Rund 4,17 Millionen Pflegebedürftige in Deutschland werden zu Hause versorgt — das sind 84 % aller Pflegebedürftigen (Destatis, 2023). Wer die Pflege eines Angehörigen zu Hause organisiert, steht vor vielen Fragen: Welcher Pflegegrad? Welche Leistungen? Welche Umbaumaßnahmen? Dieser Ratgeber gibt Ihnen eine praktische Schritt-für-Schritt-Checkliste — von der Antragstellung bis zur Entlastung im Pflegealltag.

Veröffentlicht am 13. März 2026 · Zuletzt aktualisiert: 13. März 2026 · Lesezeit: ca. 14 Min.
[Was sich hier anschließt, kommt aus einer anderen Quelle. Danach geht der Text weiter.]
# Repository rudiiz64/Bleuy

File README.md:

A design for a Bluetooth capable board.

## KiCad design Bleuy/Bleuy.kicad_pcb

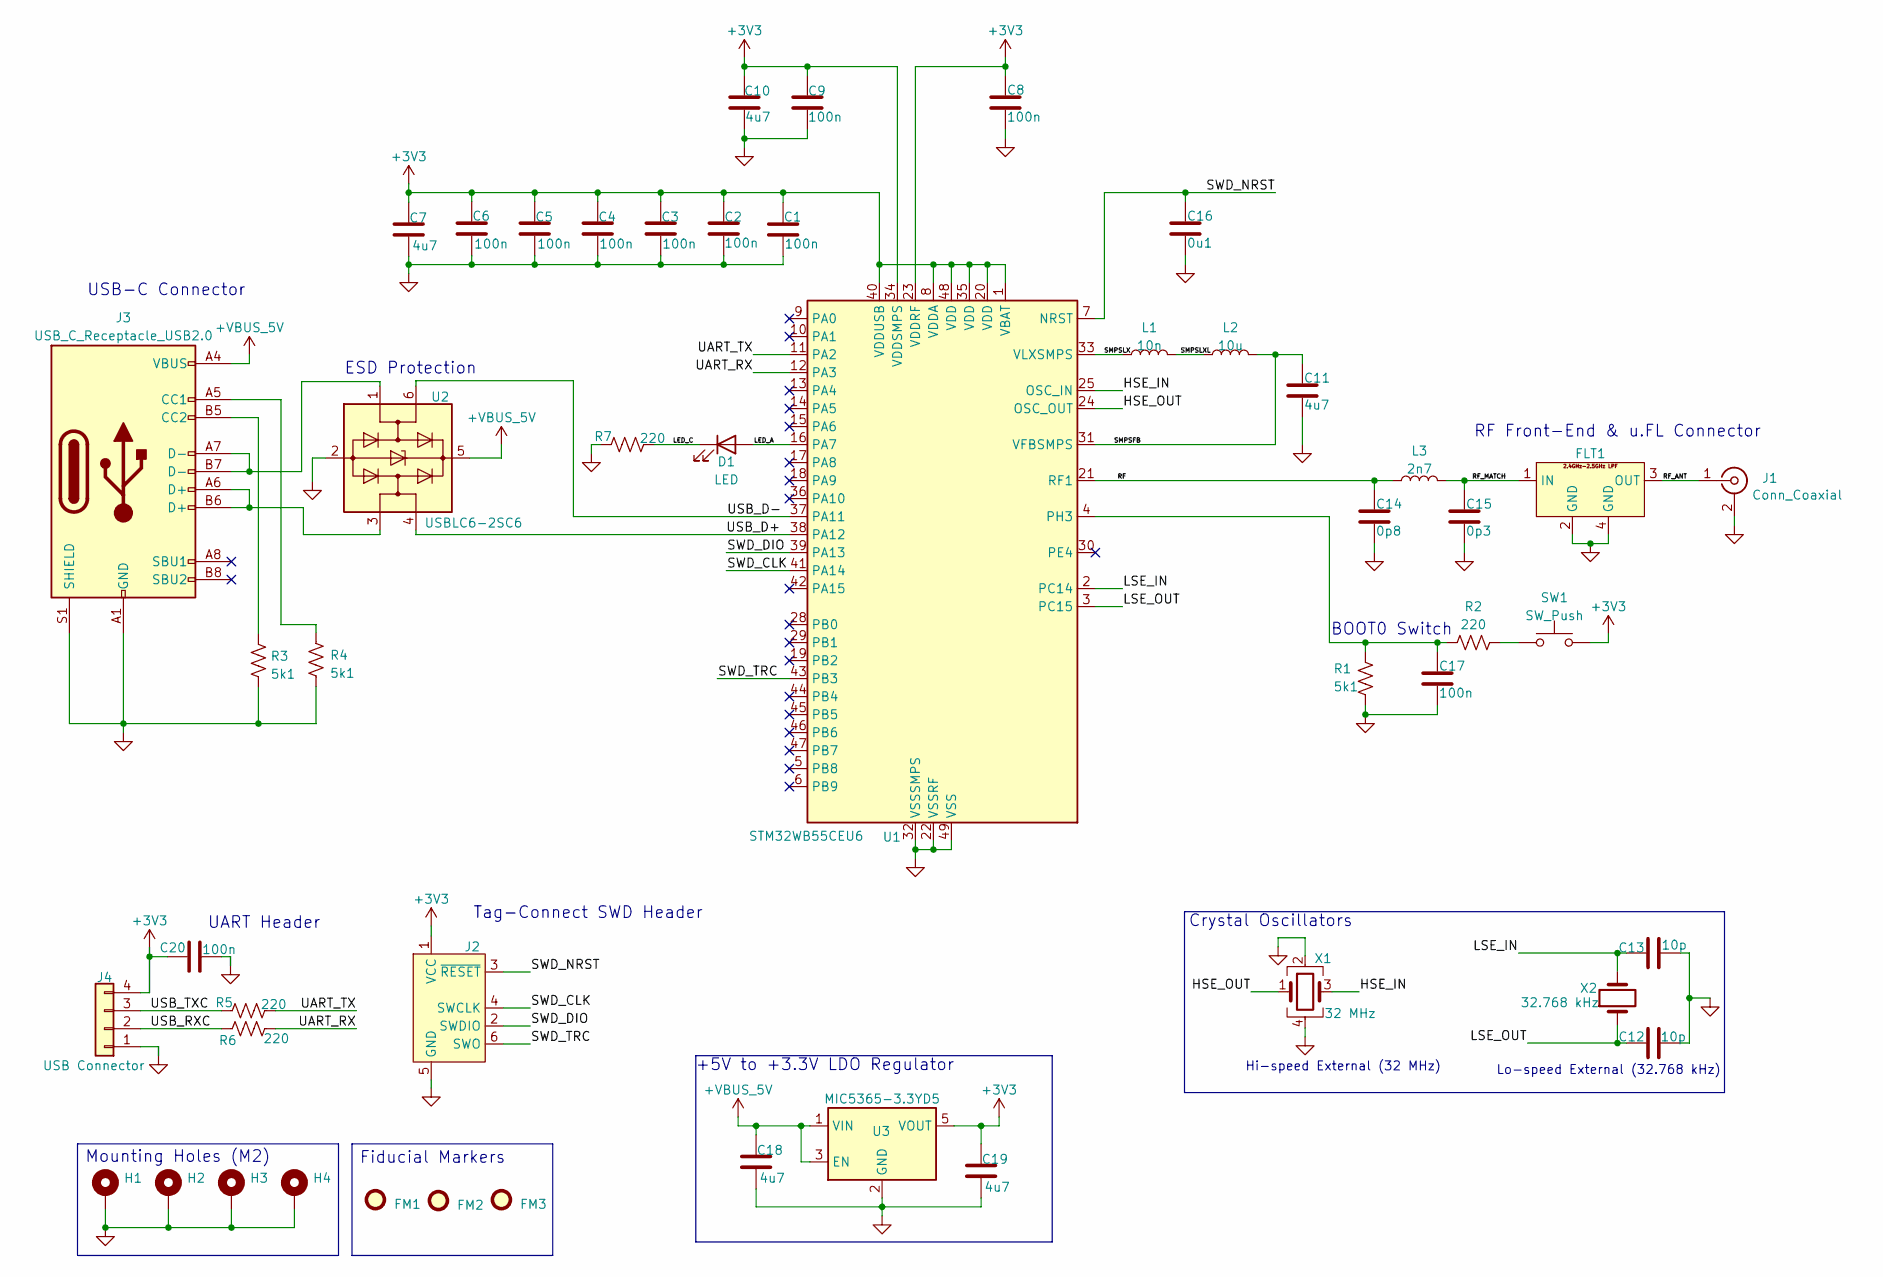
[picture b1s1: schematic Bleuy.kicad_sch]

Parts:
C1, C2, C3, C4, C5, C6, C8, C9, C17, C20: 100n; C_0402_1005Metric; Manufacturer Part Number 04023C104KAT2A
C7, C10, C11, C18, C19: 4u7; C_0603_1608Metric; Manufacturer Part Number 0603YD475MAT2A
C12, C13: 10p; C_0402_1005Metric; Manufacturer Part Number 04025A100JAT4A
C14: 0p8; C_0402_1005Metric; Manufacturer Part Number GRM1555C1HR80BA01D
C15: 0p3; C_0402_1005Metric; Manufacturer Part Number GRM1555C1HR30WA01D
C16: 0u1; C_0402_1005Metric; Manufacturer Part Number 04023C104KAT2A
D1: LED; LED_0402_1005Metric; Manufacturer Part Number 150040RS73240
FLT1: DLF162500LT-5028A1; Manufacturer Part Number DLF162500LT-5028A1
FM1, FM2, FM3: Fiducial; Fiducial_1mm_Mask2mm
H1, H2, H3, H4: MountingHole_Pad; MountingHole_2.2mm_M2_Pad_Via
J1: Conn_Coaxial; U.FL_Hirose_U.FL-R-SMT-1_Vertical; Manufacturer Part Number U.FL-R-SMT(01)
J2: Conn_ARM_SWD_TagConnect_TC2030; Tag-Connect_TC2030-IDC-FP_2x03_P1.27mm_Vertical
J3: USB_C_Receptacle_USB2.0; USB_C_Receptacle_GCT_USB4105-xx-A_16P_TopMnt_Horizontal; Manufacturer Part Number USB4105-GF-A
J4: USB Connector; Molex_PicoBlade_53261-0471_1x04-1MP_P1.25mm_Horizontal; Manufacturer Part Number 53048-0410
L1: 10n; L_0402_1005Metric; Manufacturer Part Number LQG15WZ10NJ02D
L2: 10u; L_0805_2012Metric; Manufacturer Part Number LQM21FN100M70L
L3: 2n7; L_0402_1005Metric; Manufacturer Part Number LQG15HS2N7S02
R1, R3, R4: 5k1; R_0402_1005Metric; Manufacturer Part Number RC0603FR-075K1L
R2, R5, R6, R7: 220; R_0402_1005Metric; Manufacturer Part Number RC0402FR-07221RL
SW1: SW_Push; SW_SPST_CK_RS282G05A3; Manufacturer Part Number RS282G05A3SMRT
U1: STM32WB55CEU6; QFN-48-1EP_7x7mm_P0.5mm_EP5.6x5.6mm; Manufacturer Part Number STM32WB55CEU6
U2: USBLC6-2SC6; SOT-23-6; Manufacturer Part Number USBLC6-2SC6
U3: MIC5365-3.3YD5; SOT-23-5; Manufacturer Part Number MIC5365-3.3YD5-TR
X1: 32 MHz; Crystal_SMD_2016-4Pin_2.0x1.6mm; Manufacturer Part Number NX2016SA-32M-EZS00A-CS06465
X2: 32.768 kHz; Crystal_SMD_2012-2Pin_2.0x1.2mm; Manufacturer Part Number NX2012SA-32.768K-STD-MUB-1

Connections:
+3V3: C1.1, C2.1, C3.1, C4.1, C5.1, C6.1, C7.1, C8.1, C9.1, C10.1, C19.1, C20.1, J2.1 (VCC), J4.4, SW1.2, U1.1 (VBAT), U1.8 (VDDA), U1.20 (VDD), U1.23 (VDDRF), U1.34 (VDDSMPS), U1.35 (VDD), U1.40 (VDDUSB), U1.48 (VDD), U3.5 (VOUT)
+5V: C18.1, J3.A4 (VBUS), J3.A9 (VBUS), J3.B4 (VBUS), J3.B9 (VBUS), U2.5 (VBUS), U3.1 (VIN), U3.3 (EN)
/HSE_IN: U1.25 (OSC_IN), X1.3
/HSE_OUT: U1.24 (OSC_OUT), X1.1
/LED_A: D1.2 (A), U1.16 (PA7)
/LED_C: D1.1 (K), R7.2
/LSE_IN: C13.1, U1.2 (PC14), X2.2
/LSE_OUT: C12.1, U1.3 (PC15), X2.1
/RF: C14.1, L3.1, U1.21 (RF1)
/RF_ANT: FLT1.3 (OUT), J1.1 (In)
/RF_MATCH: C15.1, FLT1.1 (IN), L3.2
/SMPSFB: C11.1, L2.2, U1.31 (VFBSMPS)
/SMPSLX: L1.1, U1.33 (VLXSMPS)
/SMPSLXL: L1.2, L2.1
/SWD_CLK: J2.4 (SWCLK), U1.41 (PA14)
/SWD_DIO: J2.2 (SWDIO), U1.39 (PA13)
/SWD_NRST: C16.1, J2.3 (~RESET), U1.7 (NRST)
/SWD_TRC: J2.6 (SWO), U1.43 (PB3)
/UART_RX: R6.2, U1.12 (PA3)
/UART_TX: R5.2, U1.11 (PA2)
/USB_D+: U1.38 (PA12), U2.4 (I/O2)
/USB_D-: U1.37 (PA11), U2.6 (I/O1)
/USB_RXC: J4.2, R6.1
/USB_TXC: J4.3, R5.1
GND: C1.2, C2.2, C3.2, C4.2, C5.2, C6.2, C7.2, C8.2, C9.2, C10.2, C11.2, C12.2, C13.2, C14.2, C15.2, C16.2, C17.2, C18.2, C19.2, C20.2, FLT1.2 (GND), FLT1.4 (GND), H1.1, H2.1, H3.1, H4.1, J1.2 (Ext), J2.5 (GND), J3.A1 (GND), J3.A12 (GND), J3.B1 (GND), J3.B12 (GND), J3.S1 (SHIELD), J4.1, R1.2, R3.2, R4.2, R7.1, U1.22 (VSSRF), U1.32 (VSSSMPS), U1.49 (VSS), U2.2 (GND), U3.2 (GND), X1.2, X1.4
unnamed: J3.A5 (CC1), R4.1
unnamed: J3.B5 (CC2), R3.1
unnamed: J3.A6 (D+), J3.B6 (D+), U2.3 (I/O2)
unnamed: J3.A7 (D-), J3.B7 (D-), U2.1 (I/O1)
unnamed: R2.2, SW1.1
unnamed: C17.1, R1.1, R2.1, U1.4 (PH3)

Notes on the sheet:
UART Header
Tag-Connect SWD Header
Mounting Holes (M2)
USB-C Connector
Crystal Oscillators
Lo-speed External (32.768 kHz)
+5V to +3.3V LDO Regulator
ESD Protection
BOOT0 Switch
Hi-speed External (32 MHz)
RF Front-End & u.FL Connector
Fiducial Markers

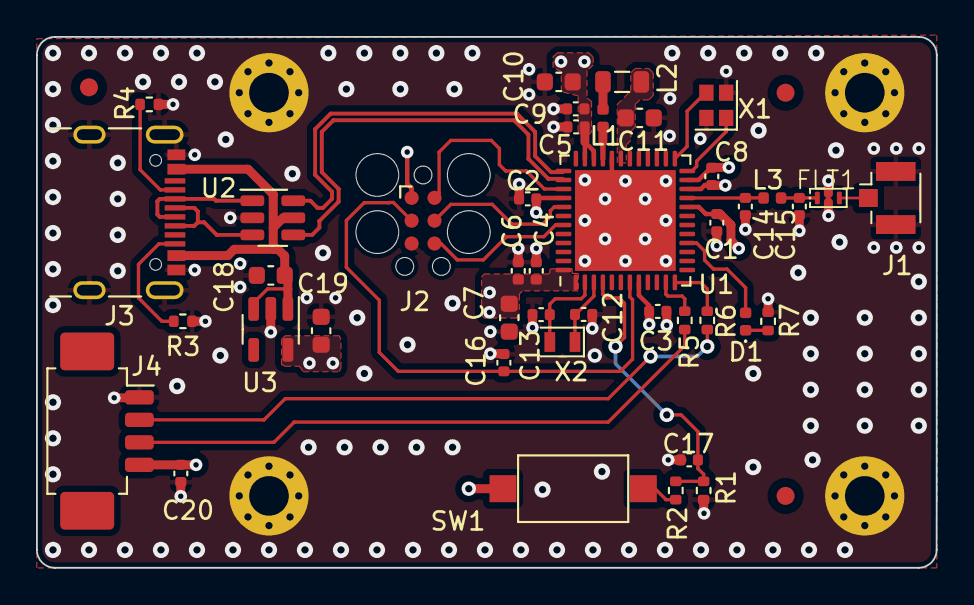
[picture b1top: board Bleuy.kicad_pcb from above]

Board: 4 copper layers, 50.0 x 29.5 mm, 49 parts (0 on the bottom side), 31 nets.

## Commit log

2023-12-18 Rev 0.1
    + Initial schematic creation
    + Added RF line
    + Added HSE and LSE osc
    + Added bypass+bulk caps to power pins
    + Added symbol for LPF
2023-12-19 Bleuy Rev A
    + Added USB-C receptacle to power implemented 5V to 3.3V LDO
    + Added footprint for LPF
    + Added tag-connect SWD pins and UART breakout pins
2024-01-02 Updated to Rev A Release
    + Finalized component placement
    + Added fiducial markers and mounting holes
    + Added ground stitching
    + Added power pours
    + Adjusted differential pair routing
    + Adjusted some routing to allow for better component placement

Redaktion: Pflegeheim-Vergleich · Quellen: §14 SGB XI, §36 SGB XI, §37 SGB XI, §39 SGB XI, §40 SGB XI, §42 SGB XI, §45b SGB XI, PfleZG, FPfZG

Checkliste: Pflege zu Hause in 8 Schritten

Die Organisation der häuslichen Pflege ist ein Prozess mit vielen Stellschrauben. Diese Checkliste gibt Ihnen einen strukturierten Fahrplan — von der Antragstellung bis zur langfristigen Absicherung. Haken Sie jeden Punkt ab, sobald er erledigt ist.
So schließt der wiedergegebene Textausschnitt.